*** Opening of Extracted data ***

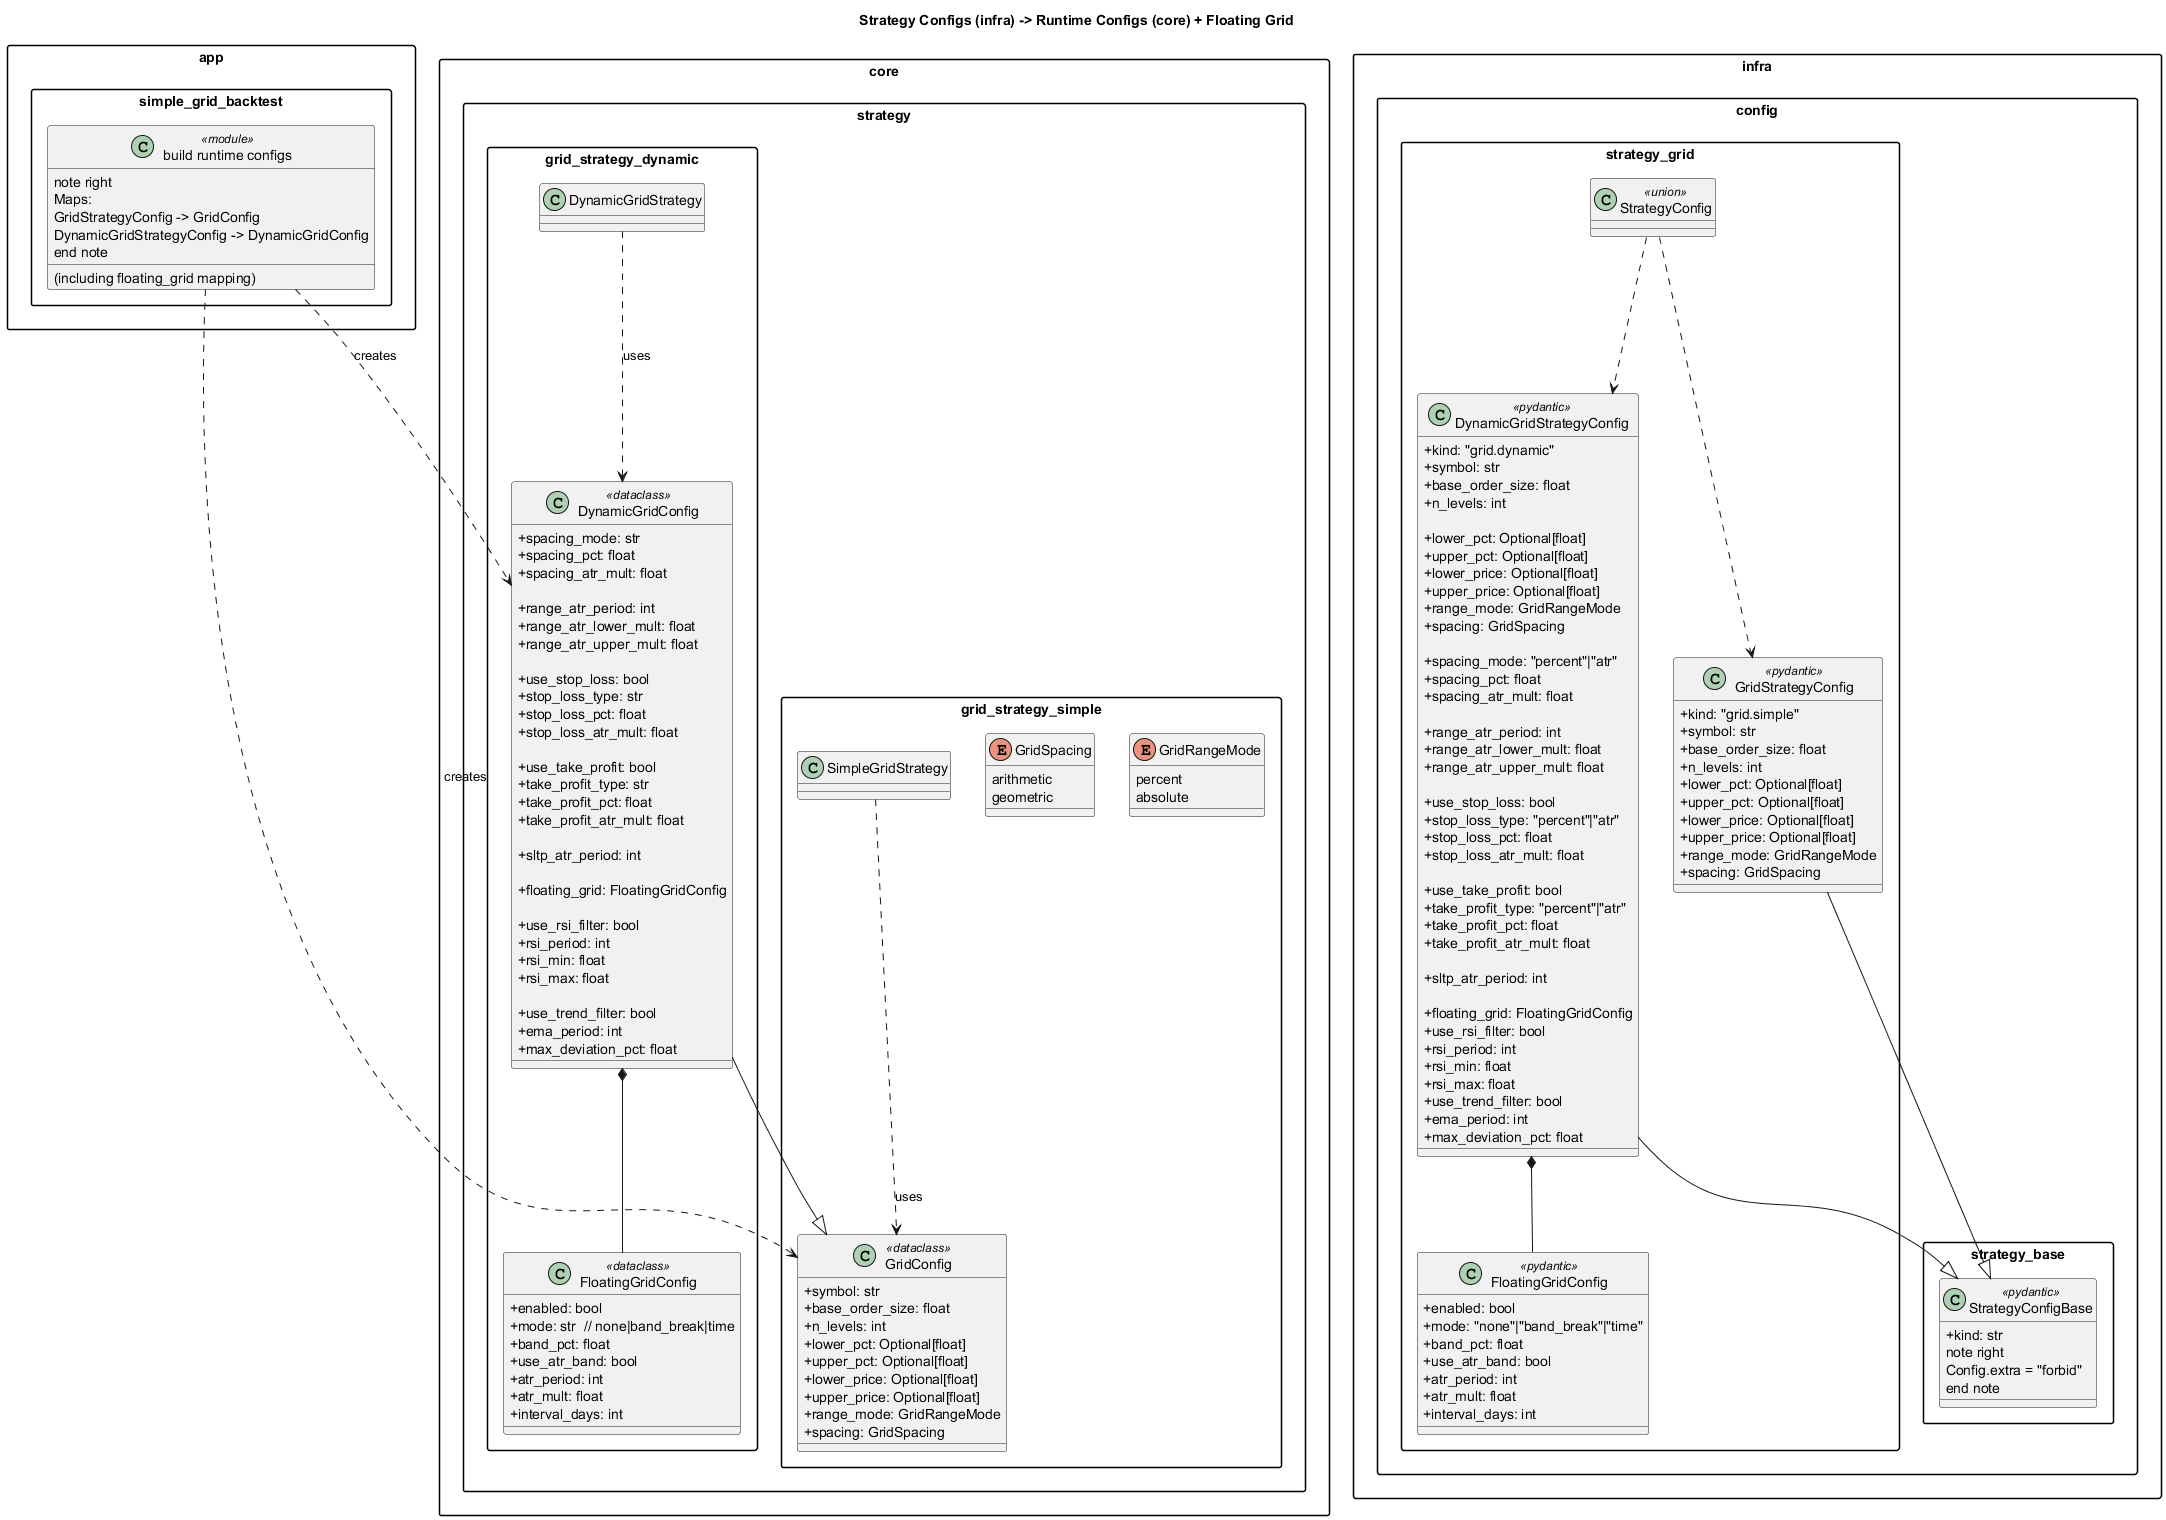

The diagram above was rendered by PlantUML. Its source (embedded in the PNG):
@startuml
title Strategy Configs (infra) -> Runtime Configs (core) + Floating Grid
skinparam packageStyle rectangle
skinparam classAttributeIconSize 0

package "core.strategy.grid_strategy_simple" {
  enum GridRangeMode {
    percent
    absolute
  }

  enum GridSpacing {
    arithmetic
    geometric
  }

  class GridConfig <<dataclass>> {
    +symbol: str
    +base_order_size: float
    +n_levels: int
    +lower_pct: Optional[float]
    +upper_pct: Optional[float]
    +lower_price: Optional[float]
    +upper_price: Optional[float]
    +range_mode: GridRangeMode
    +spacing: GridSpacing
  }

  class SimpleGridStrategy
  SimpleGridStrategy ..> GridConfig : uses
}

package "core.strategy.grid_strategy_dynamic" {
  class DynamicGridConfig <<dataclass>> {
    +spacing_mode: str
    +spacing_pct: float
    +spacing_atr_mult: float

    +range_atr_period: int
    +range_atr_lower_mult: float
    +range_atr_upper_mult: float

    +use_stop_loss: bool
    +stop_loss_type: str
    +stop_loss_pct: float
    +stop_loss_atr_mult: float

    +use_take_profit: bool
    +take_profit_type: str
    +take_profit_pct: float
    +take_profit_atr_mult: float

    +sltp_atr_period: int

    +floating_grid: FloatingGridConfig

    +use_rsi_filter: bool
    +rsi_period: int
    +rsi_min: float
    +rsi_max: float

    +use_trend_filter: bool
    +ema_period: int
    +max_deviation_pct: float
  }

  class FloatingGridConfig <<dataclass>> {
    +enabled: bool
    +mode: str  // none|band_break|time
    +band_pct: float
    +use_atr_band: bool
    +atr_period: int
    +atr_mult: float
    +interval_days: int
  }

  DynamicGridConfig --|> GridConfig
  DynamicGridConfig *-- FloatingGridConfig

  class DynamicGridStrategy
  DynamicGridStrategy ..> DynamicGridConfig : uses
}

package "infra.config.strategy_base" {
  class StrategyConfigBase <<pydantic>> {
    +kind: str
    note right
      Config.extra = "forbid"
    end note
  }
}

package "infra.config.strategy_grid" {
  class GridStrategyConfig <<pydantic>> {
    +kind: "grid.simple"
    +symbol: str
    +base_order_size: float
    +n_levels: int
    +lower_pct: Optional[float]
    +upper_pct: Optional[float]
    +lower_price: Optional[float]
    +upper_price: Optional[float]
    +range_mode: GridRangeMode
    +spacing: GridSpacing
  }

  class DynamicGridStrategyConfig <<pydantic>> {
    +kind: "grid.dynamic"
    +symbol: str
    +base_order_size: float
    +n_levels: int

    +lower_pct: Optional[float]
    +upper_pct: Optional[float]
    +lower_price: Optional[float]
    +upper_price: Optional[float]
    +range_mode: GridRangeMode
    +spacing: GridSpacing

    +spacing_mode: "percent"|"atr"
    +spacing_pct: float
    +spacing_atr_mult: float

    +range_atr_period: int
    +range_atr_lower_mult: float
    +range_atr_upper_mult: float

    +use_stop_loss: bool
    +stop_loss_type: "percent"|"atr"
    +stop_loss_pct: float
    +stop_loss_atr_mult: float

    +use_take_profit: bool
    +take_profit_type: "percent"|"atr"
    +take_profit_pct: float
    +take_profit_atr_mult: float

    +sltp_atr_period: int

    +floating_grid: FloatingGridConfig
    +use_rsi_filter: bool
    +rsi_period: int
    +rsi_min: float
    +rsi_max: float
    +use_trend_filter: bool
    +ema_period: int
    +max_deviation_pct: float
  }

  class FloatingGridConfig <<pydantic>> {
    +enabled: bool
    +mode: "none"|"band_break"|"time"
    +band_pct: float
    +use_atr_band: bool
    +atr_period: int
    +atr_mult: float
    +interval_days: int
  }

  GridStrategyConfig --|> StrategyConfigBase
  DynamicGridStrategyConfig --|> StrategyConfigBase
  DynamicGridStrategyConfig *-- FloatingGridConfig

  class StrategyConfig <<union>>
  StrategyConfig ..> GridStrategyConfig
  StrategyConfig ..> DynamicGridStrategyConfig
}

package "app.simple_grid_backtest" {
  class "build runtime configs" <<module>> {
    note right
      Maps:
        GridStrategyConfig -> GridConfig
        DynamicGridStrategyConfig -> DynamicGridConfig
      (including floating_grid mapping)
    end note
  }
}

"build runtime configs" ..> GridConfig : creates
"build runtime configs" ..> DynamicGridConfig : creates
@enduml

*** Close of Extracted data ***

Please state how many lines in the preceding material contain the word "build", with no other output.

Expected answer → 3